Sending arguments to Model(nn.Module)

Hi I’m trying to iterate through different combinations of bit widths for my QuantLinear layers and QuantReLU layers. My current approach is to do something like this:

#Define Model Class
class Model(nn.Module):
    def __init__(self, *args, **kwargs):
        super(Model, self).__init__(*args, **kwargs)
        self.layer1 = nn.Sequential(
            QuantLinear(40, 256, bias=True, weight_bit_width=ql_bits),

    def forward(self, x):
        out = self.layer1(x)
        return out

#Creating each model within a nested loop in my training function
    max_ql_bits = 8
    max_relu_bits = 8

    # Cycle through different model quantisations
    for ql_bits in range(max_ql_bits): 
        for relu_bits in range(max_relu_bits):

            model = Model(ql_bits,relu_bits)

However when I run this I get the error: TypeError: init() takes 1 positional argument but 3 were given

Is it possible to send parameters in this way to an inherited class?

You can send parameters to an iunherited class, the problem is you are passing those parameters to the parent class which, in fact, recieves none (self only).

In short:

class Model(nn.Module):
    def __init__(self, *args, **kwargs):
        super(Model, self).__init__()

Thanks Juan! I just got it working by changing the code to:

# Define Model Class
class Model(nn.Module):
    def __init__(self, ql_bits, relu_bits):
        self.ql_bits = ql_bits
        self.relu_bits = relu_bits
        super(Model, self).__init__()

And creating the model like this:
model = Model(ql_bits=ql_bits,relu_bits=relu_bits)

This worked while I was testing creating the model separately, however, when I try to implement this with the rest of my training code I get:

model = Model(ql_bits= ql_bits, relu_bits=relu_bits)
SyntaxError: invalid syntax

I’m also getting errors related to multiprocessing:

ERROR:torch.distributed.elastic.multiprocessing.api:failed (exit code: 1)
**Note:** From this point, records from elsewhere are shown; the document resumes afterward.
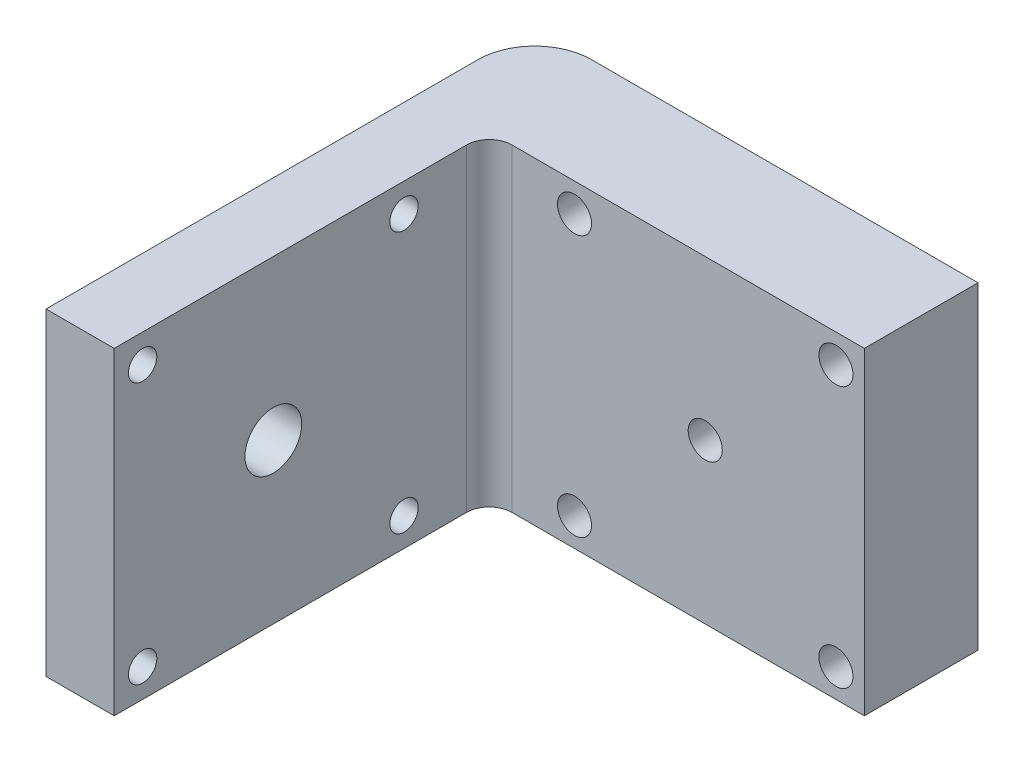
ISO-10303-21;
HEADER;
FILE_DESCRIPTION(('STEP AP214'),'2;1');
FILE_NAME('part.step','',(''),(''),'','','');
FILE_SCHEMA(('AUTOMOTIVE_DESIGN { 1 0 10303 214 1 1 1 1 }'));
ENDSEC;
DATA;
#1=APPLICATION_CONTEXT('core data for automotive mechanical design processes');
#2=APPLICATION_PROTOCOL_DEFINITION('international standard','automotive_design',2000,#1);
#3=PRODUCT_CONTEXT('',#1,'mechanical');
#4=PRODUCT('Part','Part','',(#3));
#5=PRODUCT_RELATED_PRODUCT_CATEGORY('part','',(#4));
#6=PRODUCT_DEFINITION_FORMATION('','',#4);
#7=PRODUCT_DEFINITION_CONTEXT('part definition',#1,'design');
#8=PRODUCT_DEFINITION('design','',#6,#7);
#9=PRODUCT_DEFINITION_SHAPE('','',#8);
#10=(LENGTH_UNIT() NAMED_UNIT(*) SI_UNIT(.MILLI.,.METRE.));
#11=(NAMED_UNIT(*) PLANE_ANGLE_UNIT() SI_UNIT($,.RADIAN.));
#12=(NAMED_UNIT(*) SI_UNIT($,.STERADIAN.) SOLID_ANGLE_UNIT());
#13=UNCERTAINTY_MEASURE_WITH_UNIT(LENGTH_MEASURE(1.E-05),#10,'distance_accuracy_value','');
#14=(GEOMETRIC_REPRESENTATION_CONTEXT(3) GLOBAL_UNCERTAINTY_ASSIGNED_CONTEXT((#13)) GLOBAL_UNIT_ASSIGNED_CONTEXT((#10,
#11,#12)) REPRESENTATION_CONTEXT('',''));
#15=CARTESIAN_POINT('',(0.,0.,0.));
#16=DIRECTION('',(0.,0.,1.));
#17=DIRECTION('',(1.,0.,0.));
#18=AXIS2_PLACEMENT_3D('',#15,#16,#17);
#19=CARTESIAN_POINT('',(0.,14.,10.));
#20=DIRECTION('',(0.,-1.,0.));
#21=DIRECTION('',(0.,0.,-1.));
#22=AXIS2_PLACEMENT_3D('',#19,#20,#21);
#23=PLANE('',#22);
#24=DIRECTION('',(-1.,0.,0.));
#25=VECTOR('',#24,1.);
#26=CARTESIAN_POINT('',(0.,14.,0.));
#27=LINE('',#26,#25);
#28=CARTESIAN_POINT('',(14.,14.,0.));
#29=VERTEX_POINT('',#28);
#30=CARTESIAN_POINT('',(-20.,14.,0.));
#31=VERTEX_POINT('',#30);
#32=EDGE_CURVE('E125',#29,#31,#27,.T.);
#33=ORIENTED_EDGE('',*,*,#32,.T.);
#34=CARTESIAN_POINT('',(-20.,14.,5.));
#35=DIRECTION('',(0.,-1.,0.));
#36=DIRECTION('',(0.,0.,-1.));
#37=AXIS2_PLACEMENT_3D('',#34,#35,#36);
#38=CIRCLE('',#37,5.);
#39=CARTESIAN_POINT('',(-25.,14.,5.));
#40=VERTEX_POINT('',#39);
#41=EDGE_CURVE('E256',#31,#40,#38,.F.);
#42=ORIENTED_EDGE('',*,*,#41,.T.);
#43=DIRECTION('',(0.,0.,-1.));
#44=VECTOR('',#43,1.);
#45=CARTESIAN_POINT('',(-25.,14.,0.));
#46=LINE('',#45,#44);
#47=CARTESIAN_POINT('',(-25.,14.,43.));
#48=VERTEX_POINT('',#47);
#49=EDGE_CURVE('E131',#48,#40,#46,.T.);
#50=ORIENTED_EDGE('',*,*,#49,.F.);
#51=DIRECTION('',(1.,0.,0.));
#52=VECTOR('',#51,1.);
#53=CARTESIAN_POINT('',(-25.,14.,43.));
#54=LINE('',#53,#52);
#55=CARTESIAN_POINT('',(-19.,14.,43.));
#56=VERTEX_POINT('',#55);
#57=EDGE_CURVE('E126',#48,#56,#54,.T.);
#58=ORIENTED_EDGE('',*,*,#57,.T.);
#59=DIRECTION('',(0.,0.,-1.));
#60=VECTOR('',#59,1.);
#61=CARTESIAN_POINT('',(-19.,14.,0.));
#62=LINE('',#61,#60);
#63=CARTESIAN_POINT('',(-19.,14.,12.));
#64=VERTEX_POINT('',#63);
#65=EDGE_CURVE('E162',#56,#64,#62,.T.);
#66=ORIENTED_EDGE('',*,*,#65,.T.);
#67=CARTESIAN_POINT('',(-17.,14.,12.));
#68=DIRECTION('',(0.,-1.,0.));
#69=DIRECTION('',(0.,0.,-1.));
#70=AXIS2_PLACEMENT_3D('',#67,#68,#69);
#71=CIRCLE('',#70,2.);
#72=CARTESIAN_POINT('',(-17.,14.,10.));
#73=VERTEX_POINT('',#72);
#74=EDGE_CURVE('E11',#64,#73,#71,.T.);
#75=ORIENTED_EDGE('',*,*,#74,.T.);
#76=DIRECTION('',(-1.,0.,0.));
#77=VECTOR('',#76,1.);
#78=CARTESIAN_POINT('',(0.,14.,10.));
#79=LINE('',#78,#77);
#80=CARTESIAN_POINT('',(14.,14.,10.));
#81=VERTEX_POINT('',#80);
#82=EDGE_CURVE('E180',#81,#73,#79,.T.);
#83=ORIENTED_EDGE('',*,*,#82,.F.);
#84=DIRECTION('',(0.,0.,-1.));
#85=VECTOR('',#84,1.);
#86=CARTESIAN_POINT('',(14.,14.,10.));
#87=LINE('',#86,#85);
#88=EDGE_CURVE('E212',#81,#29,#87,.T.);
#89=ORIENTED_EDGE('',*,*,#88,.T.);
#90=EDGE_LOOP('',(#33,#42,#50,#58,#66,#75,#83,#89));
#91=FACE_BOUND('',#90,.T.);
#92=ADVANCED_FACE('F39',(#91),#23,.F.);
#93=CARTESIAN_POINT('',(0.,-14.,10.));
#94=DIRECTION('',(0.,-1.,0.));
#95=DIRECTION('',(0.,0.,-1.));
#96=AXIS2_PLACEMENT_3D('',#93,#94,#95);
#97=PLANE('',#96);
#98=DIRECTION('',(0.,0.,1.));
#99=VECTOR('',#98,1.);
#100=CARTESIAN_POINT('',(-25.,-14.,0.));
#101=LINE('',#100,#99);
#102=CARTESIAN_POINT('',(-25.,-14.,5.));
#103=VERTEX_POINT('',#102);
#104=CARTESIAN_POINT('',(-25.,-14.,43.));
#105=VERTEX_POINT('',#104);
#106=EDGE_CURVE('E105',#103,#105,#101,.T.);
#107=ORIENTED_EDGE('',*,*,#106,.F.);
#108=CARTESIAN_POINT('',(-20.,-14.,5.));
#109=DIRECTION('',(0.,-1.,0.));
#110=DIRECTION('',(0.,0.,-1.));
#111=AXIS2_PLACEMENT_3D('',#108,#109,#110);
#112=CIRCLE('',#111,5.);
#113=CARTESIAN_POINT('',(-20.,-14.,0.));
#114=VERTEX_POINT('',#113);
#115=EDGE_CURVE('E250',#103,#114,#112,.T.);
#116=ORIENTED_EDGE('',*,*,#115,.T.);
#117=DIRECTION('',(-1.,0.,0.));
#118=VECTOR('',#117,1.);
#119=CARTESIAN_POINT('',(0.,-14.,0.));
#120=LINE('',#119,#118);
#121=CARTESIAN_POINT('',(14.,-14.,0.));
#122=VERTEX_POINT('',#121);
#123=EDGE_CURVE('E216',#122,#114,#120,.T.);
#124=ORIENTED_EDGE('',*,*,#123,.F.);
#125=DIRECTION('',(0.,0.,-1.));
#126=VECTOR('',#125,1.);
#127=CARTESIAN_POINT('',(14.,-14.,10.));
#128=LINE('',#127,#126);
#129=CARTESIAN_POINT('',(14.,-14.,10.));
#130=VERTEX_POINT('',#129);
#131=EDGE_CURVE('E245',#130,#122,#128,.T.);
#132=ORIENTED_EDGE('',*,*,#131,.F.);
#133=DIRECTION('',(-1.,0.,0.));
#134=VECTOR('',#133,1.);
#135=CARTESIAN_POINT('',(0.,-14.,10.));
#136=LINE('',#135,#134);
#137=CARTESIAN_POINT('',(-17.,-14.,10.));
#138=VERTEX_POINT('',#137);
#139=EDGE_CURVE('E184',#130,#138,#136,.T.);
#140=ORIENTED_EDGE('',*,*,#139,.T.);
#141=CARTESIAN_POINT('',(-17.,-14.,12.));
#142=DIRECTION('',(0.,-1.,0.));
#143=DIRECTION('',(0.,0.,-1.));
#144=AXIS2_PLACEMENT_3D('',#141,#142,#143);
#145=CIRCLE('',#144,2.);
#146=CARTESIAN_POINT('',(-19.,-14.,12.));
#147=VERTEX_POINT('',#146);
#148=EDGE_CURVE('E48',#138,#147,#145,.F.);
#149=ORIENTED_EDGE('',*,*,#148,.T.);
#150=DIRECTION('',(0.,0.,1.));
#151=VECTOR('',#150,1.);
#152=CARTESIAN_POINT('',(-19.,-14.,0.));
#153=LINE('',#152,#151);
#154=CARTESIAN_POINT('',(-19.,-14.,43.));
#155=VERTEX_POINT('',#154);
#156=EDGE_CURVE('E120',#147,#155,#153,.T.);
#157=ORIENTED_EDGE('',*,*,#156,.T.);
#158=DIRECTION('',(1.,0.,0.));
#159=VECTOR('',#158,1.);
#160=CARTESIAN_POINT('',(-25.,-14.,43.));
#161=LINE('',#160,#159);
#162=EDGE_CURVE('E118',#105,#155,#161,.T.);
#163=ORIENTED_EDGE('',*,*,#162,.F.);
#164=EDGE_LOOP('',(#107,#116,#124,#132,#140,#149,#157,#163));
#165=FACE_BOUND('',#164,.T.);
#166=ADVANCED_FACE('F119',(#165),#97,.T.);
#167=CARTESIAN_POINT('',(11.5,11.5,10.));
#168=DIRECTION('',(0.,0.,-1.));
#169=DIRECTION('',(-1.,0.,0.));
#170=AXIS2_PLACEMENT_3D('',#167,#168,#169);
#171=CYLINDRICAL_SURFACE('',#170,1.49999999999999);
#172=CARTESIAN_POINT('',(11.5,11.5,10.));
#173=DIRECTION('',(0.,0.,1.));
#174=DIRECTION('',(1.,0.,0.));
#175=AXIS2_PLACEMENT_3D('',#172,#173,#174);
#176=CIRCLE('',#175,1.49999999999999);
#177=CARTESIAN_POINT('',(13.,11.5,10.));
#178=VERTEX_POINT('',#177);
#179=EDGE_CURVE('E204',#178,#178,#176,.T.);
#180=ORIENTED_EDGE('',*,*,#179,.T.);
#181=EDGE_LOOP('',(#180));
#182=FACE_BOUND('',#181,.T.);
#183=CARTESIAN_POINT('',(11.5,11.5,0.));
#184=DIRECTION('',(0.,0.,1.));
#185=DIRECTION('',(1.,0.,0.));
#186=AXIS2_PLACEMENT_3D('',#183,#184,#185);
#187=CIRCLE('',#186,1.49999999999999);
#188=CARTESIAN_POINT('',(13.,11.5,0.));
#189=VERTEX_POINT('',#188);
#190=EDGE_CURVE('E236',#189,#189,#187,.T.);
#191=ORIENTED_EDGE('',*,*,#190,.F.);
#192=EDGE_LOOP('',(#191));
#193=FACE_BOUND('',#192,.T.);
#194=ADVANCED_FACE('F292',(#182,#193),#171,.F.);
#195=CARTESIAN_POINT('',(-11.5,-11.5,10.));
#196=DIRECTION('',(0.,0.,-1.));
#197=DIRECTION('',(-1.,0.,0.));
#198=AXIS2_PLACEMENT_3D('',#195,#196,#197);
#199=CYLINDRICAL_SURFACE('',#198,1.5);
#200=CARTESIAN_POINT('',(-11.5,-11.5,10.));
#201=DIRECTION('',(0.,0.,1.));
#202=DIRECTION('',(1.,0.,0.));
#203=AXIS2_PLACEMENT_3D('',#200,#201,#202);
#204=CIRCLE('',#203,1.5);
#205=CARTESIAN_POINT('',(-10.,-11.5,10.));
#206=VERTEX_POINT('',#205);
#207=EDGE_CURVE('E200',#206,#206,#204,.T.);
#208=ORIENTED_EDGE('',*,*,#207,.T.);
#209=EDGE_LOOP('',(#208));
#210=FACE_BOUND('',#209,.T.);
#211=CARTESIAN_POINT('',(-11.5,-11.5,0.));
#212=DIRECTION('',(0.,0.,1.));
#213=DIRECTION('',(1.,0.,0.));
#214=AXIS2_PLACEMENT_3D('',#211,#212,#213);
#215=CIRCLE('',#214,1.5);
#216=CARTESIAN_POINT('',(-10.,-11.5,0.));
#217=VERTEX_POINT('',#216);
#218=EDGE_CURVE('E232',#217,#217,#215,.T.);
#219=ORIENTED_EDGE('',*,*,#218,.F.);
#220=EDGE_LOOP('',(#219));
#221=FACE_BOUND('',#220,.T.);
#222=ADVANCED_FACE('F305',(#210,#221),#199,.F.);
#223=CARTESIAN_POINT('',(11.5,-11.5,10.));
#224=DIRECTION('',(0.,0.,-1.));
#225=DIRECTION('',(-1.,0.,0.));
#226=AXIS2_PLACEMENT_3D('',#223,#224,#225);
#227=CYLINDRICAL_SURFACE('',#226,1.49999999999999);
#228=CARTESIAN_POINT('',(11.5,-11.5,10.));
#229=DIRECTION('',(0.,0.,1.));
#230=DIRECTION('',(1.,0.,0.));
#231=AXIS2_PLACEMENT_3D('',#228,#229,#230);
#232=CIRCLE('',#231,1.49999999999999);
#233=CARTESIAN_POINT('',(13.,-11.5,10.));
#234=VERTEX_POINT('',#233);
#235=EDGE_CURVE('E196',#234,#234,#232,.T.);
#236=ORIENTED_EDGE('',*,*,#235,.T.);
#237=EDGE_LOOP('',(#236));
#238=FACE_BOUND('',#237,.T.);
#239=CARTESIAN_POINT('',(11.5,-11.5,0.));
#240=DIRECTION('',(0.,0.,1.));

The strange thing is creating the model originally worked with my full training code for the 1st process but then failed for the 2nd but then it stopped working altogether… For calling my train function I use:
mp.spawn(train, nprocs=args.gpus, args=(args,))

Any ideas on what’s going wrong? Thanks

Hmmm in general using multiprocessing and cuda leads to lots of problems.
are you using pytorch multiprocessing library or python’s one?

anyway I never used multiprocessing with pytorch so it’d be better to open a new post.
Specially explain if you are using quantization somewhere as it may be important.